Here's another problem that is equivalent to this one (see http://www.cs.huji.ac.il/~nati/PAPERS/gotsman_equivalence.pdf):
Consider a 2-coloring of the vertices of the n-dimensional hypercube. We say that it has a monochromatic k-star if there exists a vertex that is colored by the same color as at least k of its neighbors. Since the Hypercube is bipartite we can have a coloring without even a monochromatic 1-star -- this coloring will be exactly balanced (i.e. exactly half of the vertices get each color). What about non-balanced colorings? Define s(n) to be the largest number so that every non-balanced coloring of the n-dimensional hypercube contains a monochromatic s(n)-star. It turns out that s(n) is equal to the minimum possible sensitivity of a Boolean function of degree exactly n. [The basic idea is to look at the product of the coloring (viewed as {-1,1}) with the parity function on the n bits.
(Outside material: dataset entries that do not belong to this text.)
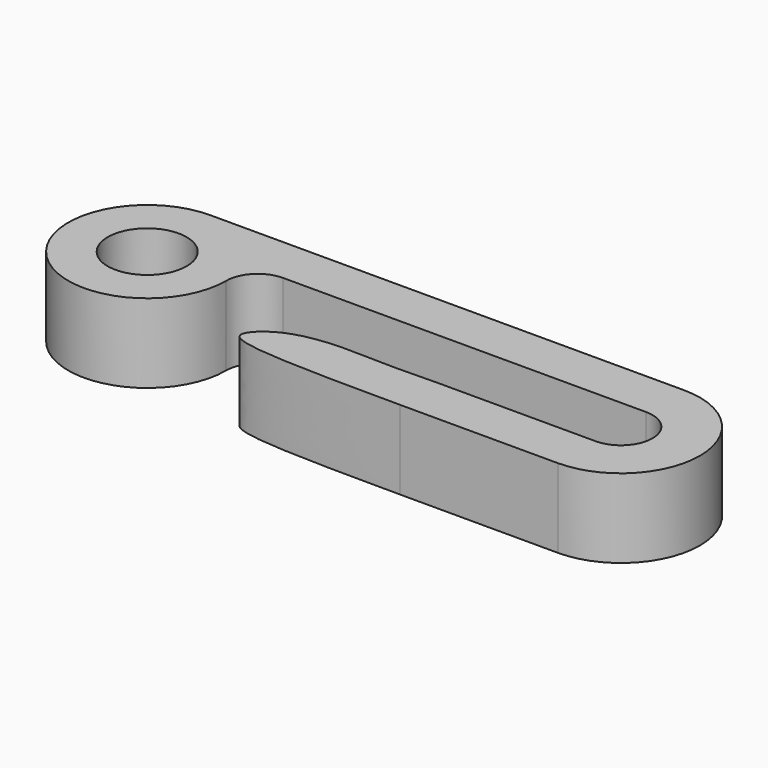
from build123d import *

# Parameters (mm, degrees)
F0_R     = 5
F1_DEPTH = 10


# Not quite as in the source:
# - ends of sketch curves that miss each other by under 0.0002 mm in the source are joined


with BuildPart() as f1:
    # F0 (on Top) → F1 (new body)
    with BuildSketch(Plane.XY):
        with BuildLine():
            ThreePointArc((-30.0000003377, 9.9974011055), (-30.0000000844, 9.9987005527), (-30, 10))
            ThreePointArc((-30, 10), (-32.9289321881, 17.0710678119), (-40, 20))
            ThreePointArc((-40, 20), (-47.0719866001, 2.9298510958), (-30.0000003377, 9.9974011055))
        make_face()
        with Locations((-40, 10)):
            Circle(F0_R, mode=Mode.SUBTRACT)
        with BuildLine():
            ThreePointArc((-40, 20), (-32.9289321881, 17.0710678119), (-30, 10))
            ThreePointArc((-30, 10), (-28.8260746289, 12.8286475986), (-25.9963610747, 14))
            Line((-25.9963610747, 14), (20, 14))
            ThreePointArc((20, 14), (24, 10), (20, 6))
            Line((20, 6), (0, 6))
            add(Edge.make_bspline(
                [(0, 0), (-18.0512891521, 0), (-23.9813730686, 0.6377710425), (-18.8085221866, 5.3625723562), (-11.4536762775, 6.3679885575), (-6.8766033776, 5.7466003341), (0, 6)],
                knots=[0, 0, 0, 0, 0.3683888151, 0.5191562868, 0.7199539542, 1, 1, 1, 1], degree=3))
            Line((0, 0), (20, 0))
            ThreePointArc((20, 0), (30, 10), (20, 20))
            Line((20, 20), (-40, 20))
        make_face()
    extrude(amount=F1_DEPTH)


solid = f1.part

The non-balancedness translates to full degree and the k-star translates to sensitivity k.]
A related problem defines r(n) to be the largest number so that every non-balanced coloring of the n-dimensional hypercube contains a r(n)-star of the majority color. This was studied by Chung, Furedi, Graham, and Seymour in 1988 (see http://www.math.ucsd.edu/~sbutler/ron/88_06_induced_cube.pdf ) who give essentially the same bounds as known for s(n). Thus it is known that log n <= r(n) <= s(n) <= sqrt(n), and the conjecture is that both are at least n^a for some a>0.